### DATASET RECORDS

....................

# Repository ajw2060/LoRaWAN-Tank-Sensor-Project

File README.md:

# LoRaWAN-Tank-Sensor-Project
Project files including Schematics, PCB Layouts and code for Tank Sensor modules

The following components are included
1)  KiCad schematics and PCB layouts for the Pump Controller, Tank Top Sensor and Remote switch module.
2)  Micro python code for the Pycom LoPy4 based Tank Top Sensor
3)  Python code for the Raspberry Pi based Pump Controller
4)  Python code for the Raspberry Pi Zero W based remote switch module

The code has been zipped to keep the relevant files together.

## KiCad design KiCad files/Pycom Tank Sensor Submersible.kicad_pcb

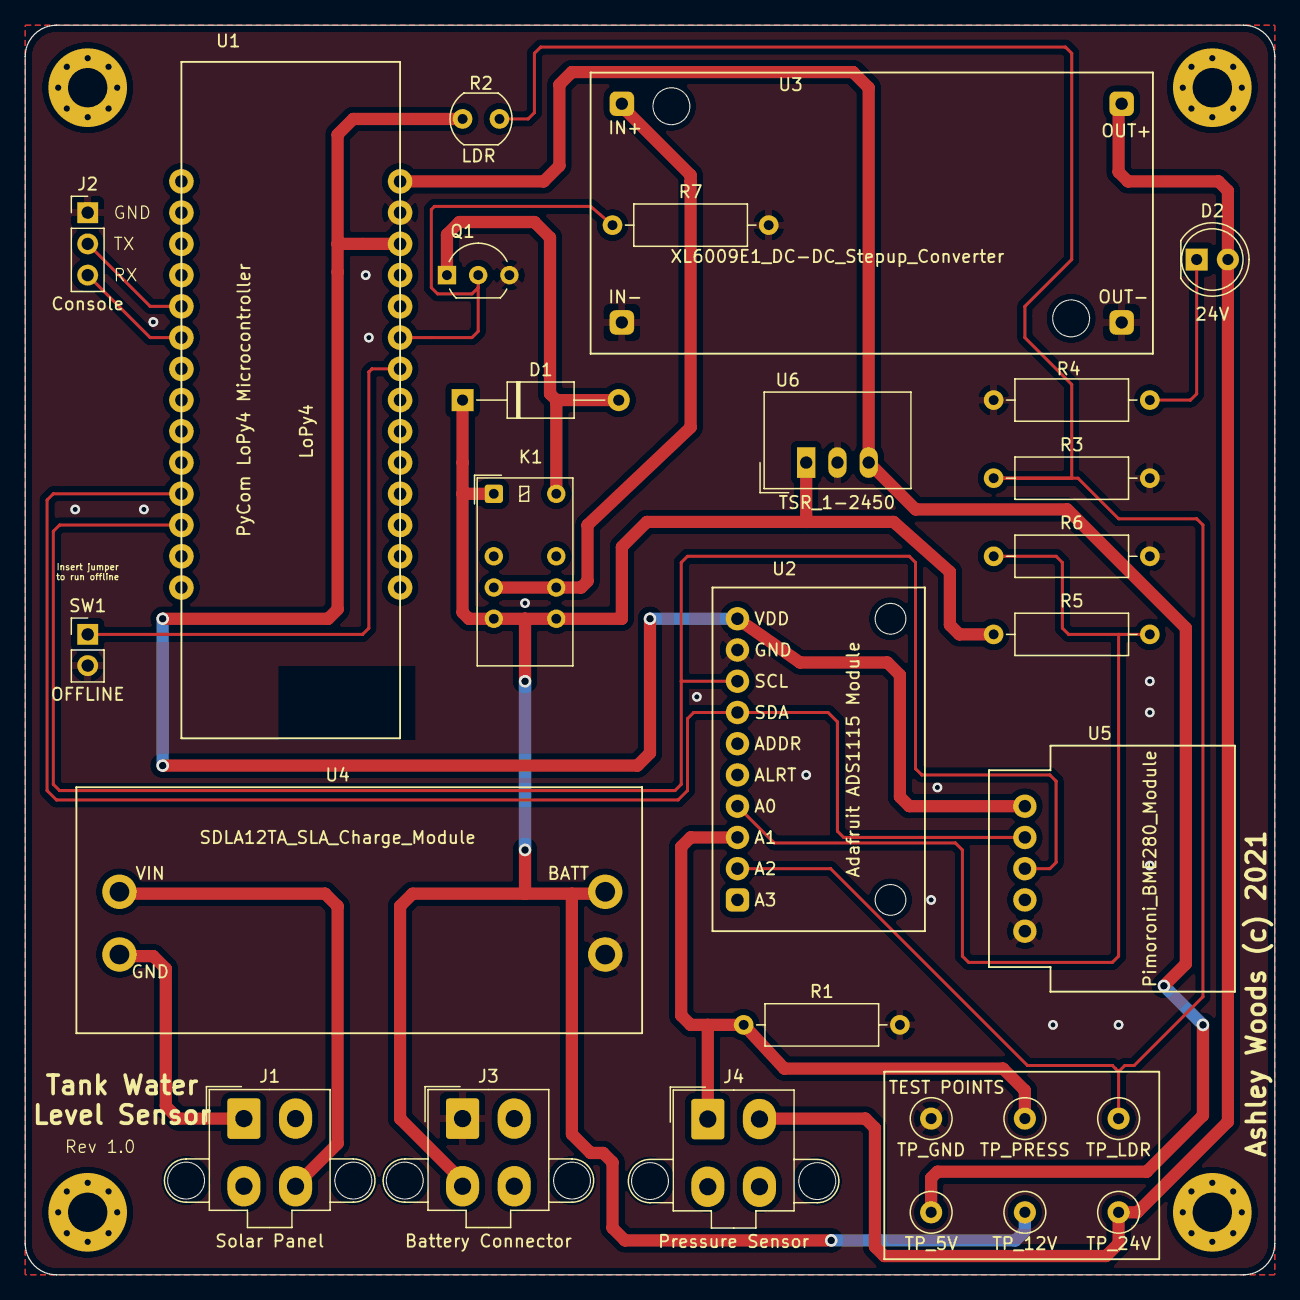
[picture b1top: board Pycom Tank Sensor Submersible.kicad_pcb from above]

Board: 2 copper layers, 101.6 x 101.6 mm, 32 parts (0 on the bottom side), 19 nets.

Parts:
D1: D; D_A-405_P12.70mm_Horizontal
D2: +24 LED; LED_D5.0mm
H1, H2, H3, H4: MountingHole; MountingHole_3.2mm_M3_Pad_Via
J1: Solar Panel; Molex_Mini-Fit_Jr_5566-04A2_2x02_P4.20mm_Vertical
J2: Console; PinHeader_1x03_P2.54mm_Vertical
J3: Battery Connector; Molex_Mini-Fit_Jr_5566-04A2_2x02_P4.20mm_Vertical
J4: Pressure Sensor; Molex_Mini-Fit_Jr_5566-04A2_2x02_P4.20mm_Vertical
J5: TP_GND; TestPoint_Loop_D2.60mm_Drill0.9mm_Beaded
J6: TP_5V; TestPoint_Loop_D2.60mm_Drill0.9mm_Beaded
J7: TP_12V; TestPoint_Loop_D2.60mm_Drill0.9mm_Beaded
J8: TP_24V; TestPoint_Loop_D2.60mm_Drill0.9mm_Beaded
J9: TP_PRESS; TestPoint_Loop_D2.60mm_Drill0.9mm_Beaded
J10: TP_LDR; TestPoint_Loop_D2.60mm_Drill0.9mm_Beaded
K1: EC2-12NU; Relay_DPDT_Kemet_EC2
Q1: BS170; TO-92_Inline_Wide
R1: 100R; R_Axial_DIN0309_L9.0mm_D3.2mm_P12.70mm_Horizontal
R2: LDR; R_LDR_5.0x4.1mm_P3mm_Vertical
R3: 1K; R_Axial_DIN0309_L9.0mm_D3.2mm_P12.70mm_Horizontal
R4: 1.5K; R_Axial_DIN0309_L9.0mm_D3.2mm_P12.70mm_Horizontal
R5: 15K; R_Axial_DIN0309_L9.0mm_D3.2mm_P12.70mm_Horizontal
R6: 4.7K; R_Axial_DIN0309_L9.0mm_D3.2mm_P12.70mm_Horizontal
R7: 10K; R_Axial_DIN0309_L9.0mm_D3.2mm_P12.70mm_Horizontal
SW1: OFFLINE; PinHeader_1x02_P2.54mm_Vertical
U1: LoPy4; LoPy_with_headers
U2: Adafruit_ADS1115_Module
U3: XL6009E1_DC-DC_Stepup_Converter; XL6009E1_DC-DC_Converter
U4: SDLA12TA_SLA_Charge_Module; SDLA12TA_Module
U5: Pimoroni_BME280_Module; Pimoroni BME280 Module
U6: TSR_1-2450; Converter_DCDC_TRACO_TSR-1_THT

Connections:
3v3: R2.1, U1.26, U2.10, U5.1
BATTERY+12: D1.1, J3.3, J7.1, K1.1, K1.5, K1.8, R5.1, U4.4, U6.1
BATTLEVEL_SENSE: R5.2, R6.1, U2.4
BOOST24POS: D2.2, J4.2, J8.1, U3.3
BOOST_ENABLE: Q1.2, R7.1, U1.23
BOOST_SUPPLY: K1.4, K1.9, U3.1
BOOST_SWITCH: D1.2, K1.12, Q1.1
CONSOLE_RX: J2.3, U1.6
CONSOLE_TX: J2.2, U1.5
GND: J2.1, J3.1, J5.1, Q1.3, R1.2, R3.2, R4.2, R6.2, R7.2, SW1.2, U1.27, U2.9, U3.2, U3.4, U4.3, U5.5, U6.2
LDR_SENSE: J10.1, R2.2, R3.1, U2.2
unnamed: D2.1, R4.1
OFFLINE_MODE: SW1.1, U1.22
PANEL_NEG: J1.1, U4.2
PANEL_POS: J1.4, U4.1
PRESS_SENSE: J4.1, J9.1, R1.1, U2.3
SCL: U1.12, U2.8, U5.3
SDA: U1.11, U2.7, U5.2
VCC: J6.1, U1.28, U6.3

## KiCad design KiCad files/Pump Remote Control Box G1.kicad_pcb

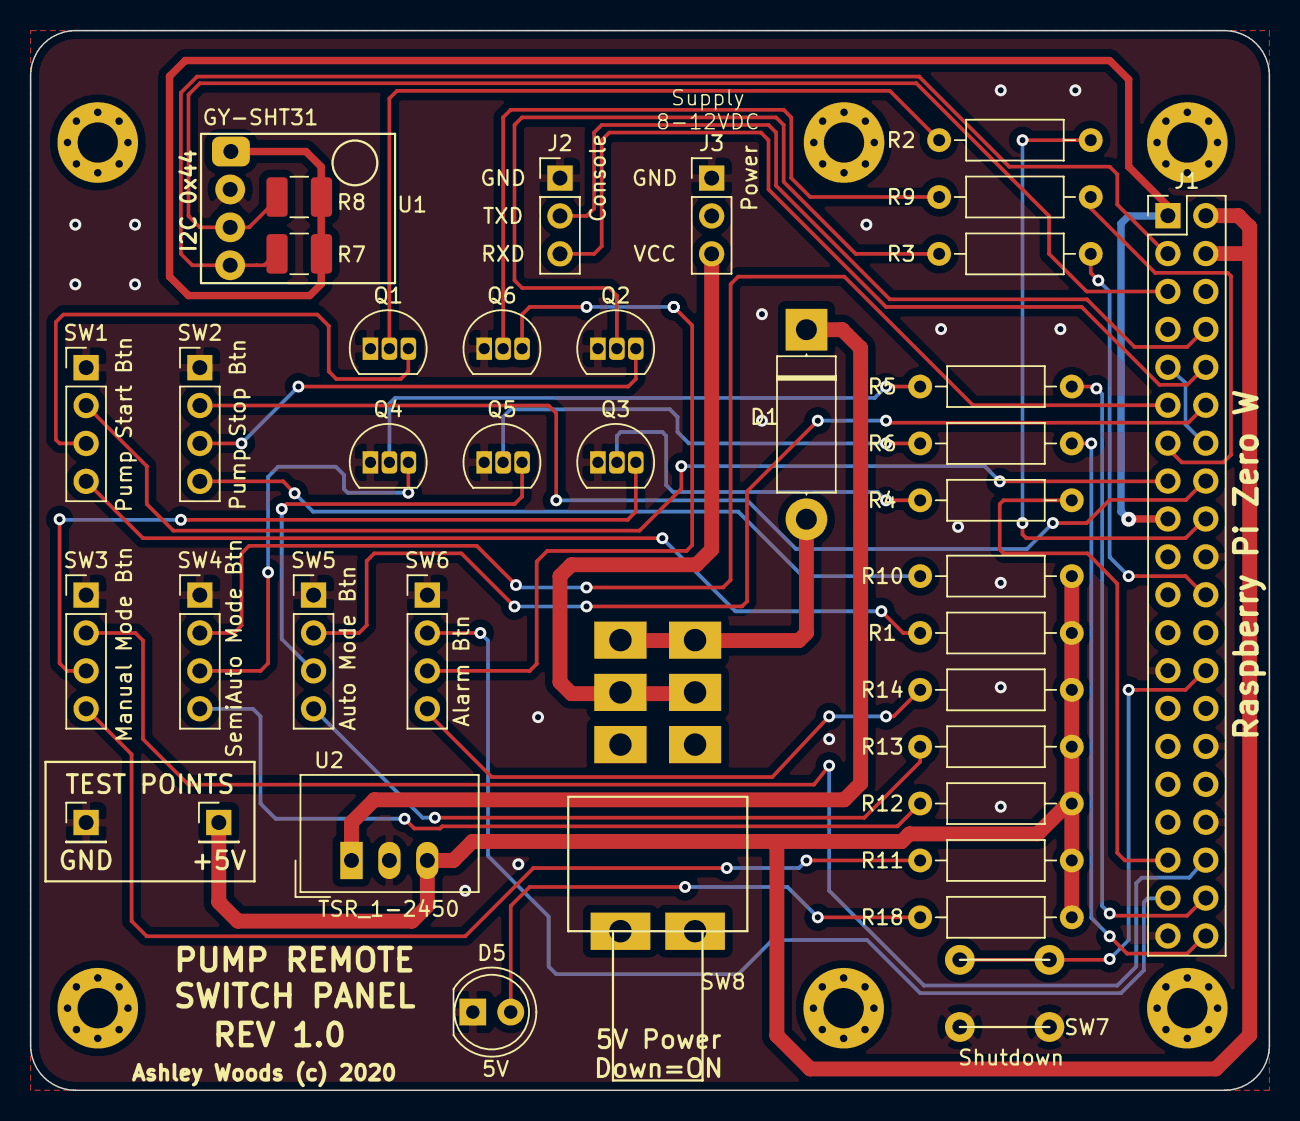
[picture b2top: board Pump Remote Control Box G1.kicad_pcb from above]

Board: 2 copper layers, 83.0 x 71.0 mm, 44 parts (0 on the bottom side), 42 nets.

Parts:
D1: D; D_5W_P12.70mm_Horizontal
D5: 5V; LED_D5.0mm
H1, H2, H3, H4, H5, H6: Mount; MountingHole_2.7mm_M2.5_Pad_Via
J1: Raspberry_Pi_2_3; PinHeader_2x20_P2.54mm_Vertical
J2: Serial Console Connector; PinHeader_1x03_P2.54mm_Vertical
J3: Power Input Connector; PinHeader_1x03_P2.54mm_Vertical
Q1, Q2, Q3, Q4, Q5, Q6: P2N2222A; TO-92L_Inline
R1, R10, R11, R12, R13, R14, R18: 220R; R_Axial_DIN0207_L6.3mm_D2.5mm_P10.16mm_Horizontal
R2, R3, R4, R5, R6, R9: 4k3; R_Axial_DIN0207_L6.3mm_D2.5mm_P10.16mm_Horizontal
R7, R8: 10K; R_1210_3225Metric_Pad1.42x2.65mm_HandSolder
SW1: Pump Start Button; PinHeader_1x04_P2.54mm_Vertical
SW2: Pump Stop Button; PinHeader_1x04_P2.54mm_Vertical
SW3: Manual Mode Button; PinHeader_1x04_P2.54mm_Vertical
SW4: Semiauto Mode Button; PinHeader_1x04_P2.54mm_Vertical
SW5: Auto Mode Button; PinHeader_1x04_P2.54mm_Vertical
SW6: Alarm Button; PinHeader_1x04_P2.54mm_Vertical
SW7: Shutdown; PCB Switch RS 479-1413
SW8: SW_DPDT; Switch DPDT Jaycar ST0365
TP1: TP GND; PinHeader_1x01_P2.54mm_Vertical
TP2: TP +5V; PinHeader_1x01_P2.54mm_Vertical
U1: GY_SHT31-Breakout-pycom; GY_SHT31_Breakout
U2: TSR_1-2450; Converter_DCDC_TRACO_TSR-1_THT

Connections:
3v3: J1.1, J1.17, R7.1, R8.1, U1.1
5V: J1.2, J1.4, R1.1, R10.1, R11.1, R12.1, R13.1, R14.1, R18.2, TP2.1, U2.3
Alarm_Button: J1.37, SW6.2
Alarm_Button_LED: J1.13, R9.2
Auto_Mode_Button: J1.12, SW5.2
Auto_Mode_Button_LED: J1.40, R6.2
GND: D5.1, J1.6, J1.9, J1.14, J1.20, J1.25, J1.30, J1.34, J1.39, J2.1, J3.1, Q1.1, Q2.1, Q3.1, Q4.1, Q5.1, Q6.1, SW1.1, SW2.1, SW3.1, SW4.1, SW5.1, SW6.1, SW7.3, SW7.4, TP1.1, U1.2, U2.2
Manual_Mode_Button: J1.36, SW3.2
Manual_Mode_Button_LED: J1.35, R4.2
unnamed: D1.1, U2.1
unnamed: D1.2, SW8.1, SW8.4
unnamed: D5.2, R18.1
unnamed: J3.3, SW8.2, SW8.5
unnamed: Q1.2, R2.1
unnamed: Q1.3, SW1.3
unnamed: Q2.2, R3.1
unnamed: Q2.3, SW2.3
unnamed: Q3.2, R4.1
unnamed: Q3.3, SW3.3
unnamed: Q4.2, R5.1
unnamed: Q4.3, SW4.3
unnamed: Q5.2, R6.1
unnamed: Q5.3, SW5.3
unnamed: Q6.2, R9.1
unnamed: Q6.3, SW6.3
unnamed: R1.2, SW1.4
unnamed: R10.2, SW2.4
unnamed: R11.2, SW3.4
unnamed: R12.2, SW4.4
unnamed: R13.2, SW5.4
unnamed: R14.2, SW6.4
Pump_Start_Button: J1.15, SW1.2
Pump_Start_Button_LED: J1.18, R2.2
Pump_Stop_Button: J1.16, SW2.2
Pump_Stop_Button_LED: J1.22, R3.2
RXD: J1.10, J2.3
SCL: J1.5, R8.2, U1.3
SDA: J1.3, R7.2, U1.4
SHUTDOWN: J1.26, SW7.1, SW7.2
Semiauto_Mode_Button: J1.11, SW4.2
Semiauto_Mode_Button_LED: J1.38, R5.2
TXD: J1.8, J2.2

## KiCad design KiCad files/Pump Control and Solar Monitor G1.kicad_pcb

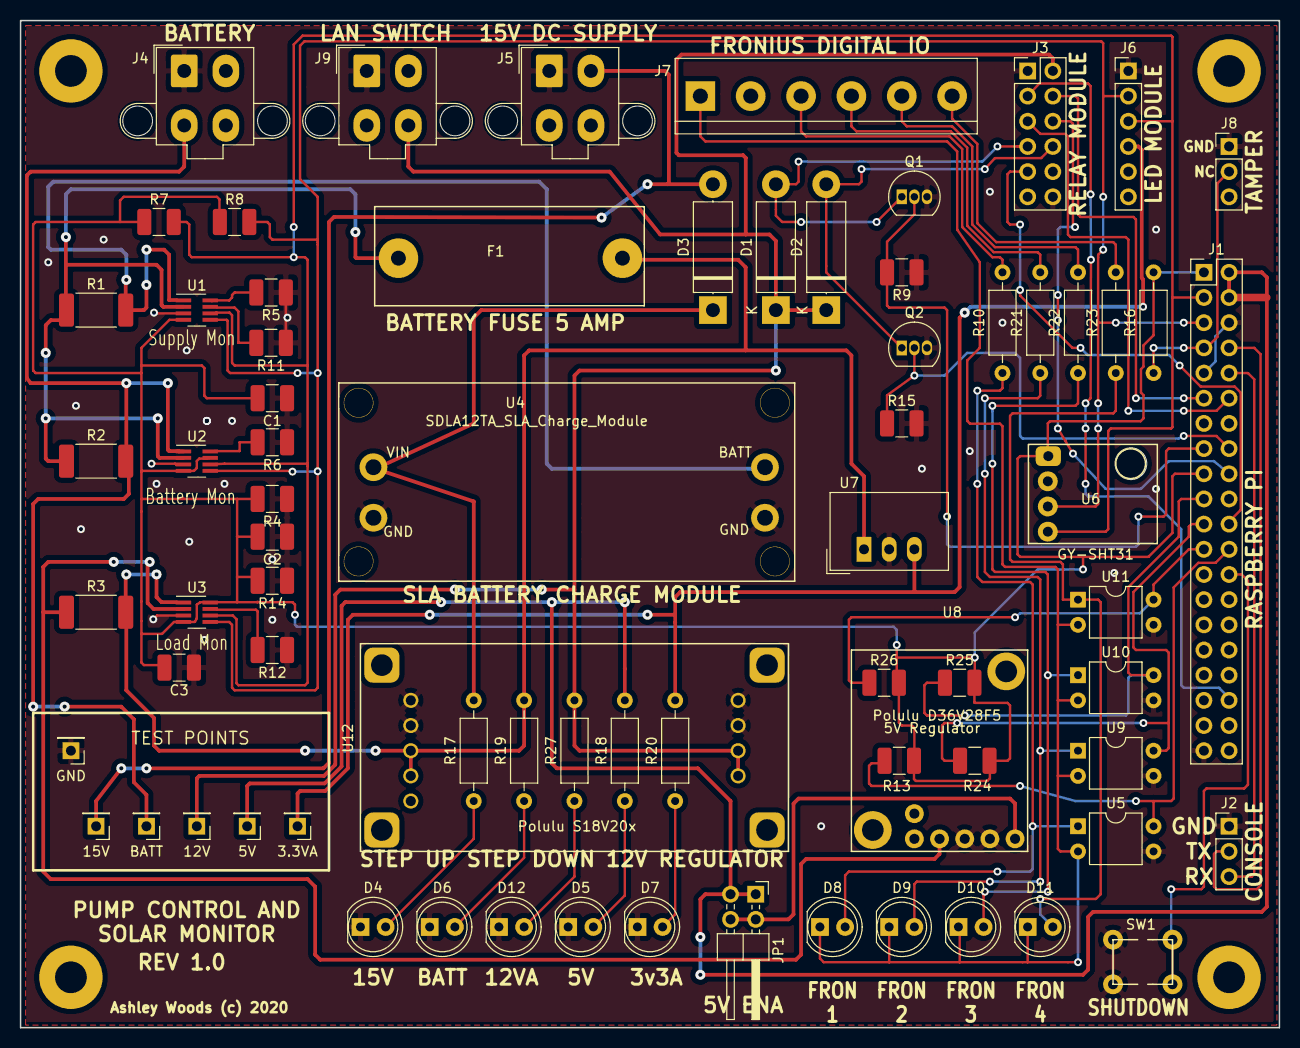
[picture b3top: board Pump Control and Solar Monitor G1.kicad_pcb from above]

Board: 2 copper layers, 127.0 x 101.6 mm, 74 parts (0 on the bottom side), 50 nets.

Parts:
C1, C2, C3: 0.1uF; C_1210_3225Metric_Pad1.42x2.65mm_HandSolder
D1, D2: FLYBACK DIODE; D_5W_P12.70mm_Horizontal
D3: Polarity Protection; D_5W_P12.70mm_Horizontal
D4: 15V Present; LED_D5.0mm
D5: 5V Present; LED_D5.0mm
D6: BATTERY Present; LED_D5.0mm
D7: 3v3AUX Present; LED_D5.0mm
D8: Fron1; LED_D5.0mm
D9: Fron2; LED_D5.0mm
D10: Fron3; LED_D5.0mm
D11: Fron4; LED_D5.0mm
D12: 12VA Supply; LED_D5.0mm
F1: Fuse 5 AMP; Wuth Electronik PCB TTH Fuse Holder
J1: Raspberry_Pi_2_3; PinHeader_2x20_P2.54mm_Vertical
J2: Serial Console Connector; PinHeader_1x03_P2.54mm_Vertical
J3: Switch Module Connector; PinHeader_2x06_P2.54mm_Vertical
J4: Battery Connector; Molex_Mini-Fit_Jr_5566-04A2_2x02_P4.20mm_Vertical
J5: DC Power Supply Conector; Molex_Mini-Fit_Jr_5566-04A2_2x02_P4.20mm_Vertical
J6: LED Module Connector; PinHeader_1x06_P2.54mm_Vertical
J7: Plug in Screw_Terminal; TerminalBlock_bornier-6_P5.08mm
J8: Tamper Switch Connector; PinHeader_1x03_P2.54mm_Vertical
J9: Netgear Power; Molex_Mini-Fit_Jr_5566-04A2_2x02_P4.20mm_Vertical
JP1: 5V Enable Jumper; PinHeader_2x02_P2.54mm_Horizontal_DualConnected
Q1, Q2: BS170; TO-92_Inline
R1, R2, R3: 0.1R; R_2512_6332Metric_Pad1.52x3.35mm_HandSolder
R4, R5, R6, R7, R8, R9, R11, R12, R13, R14, R15, R24, R25, R26: 10K; R_1210_3225Metric_Pad1.42x2.65mm_HandSolder
R10, R21, R22, R23: 540R; R_Axial_DIN0207_L6.3mm_D2.5mm_P10.16mm_Horizontal
R16: 10K; R_Axial_DIN0207_L6.3mm_D2.5mm_P10.16mm_Horizontal
R17, R20: 1K; R_Axial_DIN0207_L6.3mm_D2.5mm_P10.16mm_Horizontal
R18: 220R; R_Axial_DIN0207_L6.3mm_D2.5mm_P10.16mm_Horizontal
R19, R27: 820R; R_Axial_DIN0207_L6.3mm_D2.5mm_P10.16mm_Horizontal
SW1: PCB_Switch_RS479-1413; PCB Switch RS 479-1413
TP1: TP GND; PinHeader_1x01_P2.54mm_Vertical
TP2: TP 15V; PinHeader_1x01_P2.54mm_Vertical
TP3: TP Battery; PinHeader_1x01_P2.54mm_Vertical
TP4: TP 12VA; PinHeader_1x01_P2.54mm_Vertical
TP5: TP 5V; PinHeader_1x01_P2.54mm_Vertical
TP6: TP 3v3A; PinHeader_1x01_P2.54mm_Vertical
U1, U2, U3: INA219AIDCNR; SOT-23-8_Handsoldering
U4: SDLA12TA_SLA_Charge_Module; SDLA12TA_Module
U5, U9, U10, U11: PC817; DIP-4_W7.62mm
U6: GY_SHT31 Module; GY_SHT31_Breakout
U7: TSR_1-2433; Converter_DCDC_TRACO_TSR-1_THT
U8: Polulu D36V28F5 5V Regulator; Polulu_D36V28F5_Regulator
U12: Polulu_S18V20F12_Voltage_Regulator; Polulu_S18V20x_Regulators

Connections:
3v3: C1.2, C2.2, C3.2, J1.1, J1.17, R4.2, R7.1, R8.1, R13.2, R14.2, R16.2, R24.2, R25.2, R26.2, U1.4, U2.4, U2.7, U3.4, U3.8, U6.1
5V: J1.2, J1.4, JP1.1, R18.2, TP5.1
+3.3VA: J6.4, R20.2, TP6.1, U7.3
+12VA: D1.1, D2.1, J3.2, J9.4, R27.2, TP4.1, U12.6, U12.7
+15V: D3.1, R17.2, U4.1
AC_Phase1_Present: J1.36, J3.3
AC_Phase2_Present: J1.11, J3.4
AC_Phase3_Present: J1.12, J3.5
BATTERY+: J4.3, R2.2, TP3.1, U2.1
BATTERY_SUPPLY: F1.1, R3.2, R19.2, U3.1, U7.1, U12.3, U12.4
FRONIUS_1: J1.24, R13.1, U5.4
FRONIUS_2: J1.21, R24.1, U9.4
FRONIUS_3: J1.19, R25.1, U10.4
FRONIUS_4: J1.23, R26.1, U11.4
FRONIUS_GND: D8.1, D9.1, D10.1, D11.1, J7.1, U5.2, U9.2, U10.2, U11.2
FRONIUS_RAW_1: J7.3, R10.2
FRONIUS_RAW_2: J7.4, R21.2
FRONIUS_RAW_3: J7.5, R22.2
FRONIUS_RAW_4: J7.6, R23.2
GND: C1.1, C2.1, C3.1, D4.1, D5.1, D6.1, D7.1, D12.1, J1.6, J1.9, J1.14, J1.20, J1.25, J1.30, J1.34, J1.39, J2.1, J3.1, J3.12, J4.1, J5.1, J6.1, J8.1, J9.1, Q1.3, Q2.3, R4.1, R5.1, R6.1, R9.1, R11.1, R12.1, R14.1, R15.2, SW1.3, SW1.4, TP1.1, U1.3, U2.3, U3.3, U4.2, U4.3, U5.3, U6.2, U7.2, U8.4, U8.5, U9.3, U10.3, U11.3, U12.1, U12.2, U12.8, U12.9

....................

### INSTRUCTIONS TO FOLLOW
Reproduce the entries above exactly, but only the lines between the line holding "J8: Tamper Switch" and the line holding "FRONIUS_RAW_4: J7.6, R23.2", inclusive.

### EXERCISE RESULT
J8: Tamper Switch Connector; PinHeader_1x03_P2.54mm_Vertical
J9: Netgear Power; Molex_Mini-Fit_Jr_5566-04A2_2x02_P4.20mm_Vertical
JP1: 5V Enable Jumper; PinHeader_2x02_P2.54mm_Horizontal_DualConnected
Q1, Q2: BS170; TO-92_Inline
R1, R2, R3: 0.1R; R_2512_6332Metric_Pad1.52x3.35mm_HandSolder
R4, R5, R6, R7, R8, R9, R11, R12, R13, R14, R15, R24, R25, R26: 10K; R_1210_3225Metric_Pad1.42x2.65mm_HandSolder
R10, R21, R22, R23: 540R; R_Axial_DIN0207_L6.3mm_D2.5mm_P10.16mm_Horizontal
R16: 10K; R_Axial_DIN0207_L6.3mm_D2.5mm_P10.16mm_Horizontal
R17, R20: 1K; R_Axial_DIN0207_L6.3mm_D2.5mm_P10.16mm_Horizontal
R18: 220R; R_Axial_DIN0207_L6.3mm_D2.5mm_P10.16mm_Horizontal
R19, R27: 820R; R_Axial_DIN0207_L6.3mm_D2.5mm_P10.16mm_Horizontal
SW1: PCB_Switch_RS479-1413; PCB Switch RS 479-1413
TP1: TP GND; PinHeader_1x01_P2.54mm_Vertical
TP2: TP 15V; PinHeader_1x01_P2.54mm_Vertical
TP3: TP Battery; PinHeader_1x01_P2.54mm_Vertical
TP4: TP 12VA; PinHeader_1x01_P2.54mm_Vertical
TP5: TP 5V; PinHeader_1x01_P2.54mm_Vertical
TP6: TP 3v3A; PinHeader_1x01_P2.54mm_Vertical
U1, U2, U3: INA219AIDCNR; SOT-23-8_Handsoldering
U4: SDLA12TA_SLA_Charge_Module; SDLA12TA_Module
U5, U9, U10, U11: PC817; DIP-4_W7.62mm
U6: GY_SHT31 Module; GY_SHT31_Breakout
U7: TSR_1-2433; Converter_DCDC_TRACO_TSR-1_THT
U8: Polulu D36V28F5 5V Regulator; Polulu_D36V28F5_Regulator
U12: Polulu_S18V20F12_Voltage_Regulator; Polulu_S18V20x_Regulators

Connections:
3v3: C1.2, C2.2, C3.2, J1.1, J1.17, R4.2, R7.1, R8.1, R13.2, R14.2, R16.2, R24.2, R25.2, R26.2, U1.4, U2.4, U2.7, U3.4, U3.8, U6.1
5V: J1.2, J1.4, JP1.1, R18.2, TP5.1
+3.3VA: J6.4, R20.2, TP6.1, U7.3
+12VA: D1.1, D2.1, J3.2, J9.4, R27.2, TP4.1, U12.6, U12.7
+15V: D3.1, R17.2, U4.1
AC_Phase1_Present: J1.36, J3.3
AC_Phase2_Present: J1.11, J3.4
AC_Phase3_Present: J1.12, J3.5
BATTERY+: J4.3, R2.2, TP3.1, U2.1
BATTERY_SUPPLY: F1.1, R3.2, R19.2, U3.1, U7.1, U12.3, U12.4
FRONIUS_1: J1.24, R13.1, U5.4
FRONIUS_2: J1.21, R24.1, U9.4
FRONIUS_3: J1.19, R25.1, U10.4
FRONIUS_4: J1.23, R26.1, U11.4
FRONIUS_GND: D8.1, D9.1, D10.1, D11.1, J7.1, U5.2, U9.2, U10.2, U11.2
FRONIUS_RAW_1: J7.3, R10.2
FRONIUS_RAW_2: J7.4, R21.2
FRONIUS_RAW_3: J7.5, R22.2
FRONIUS_RAW_4: J7.6, R23.2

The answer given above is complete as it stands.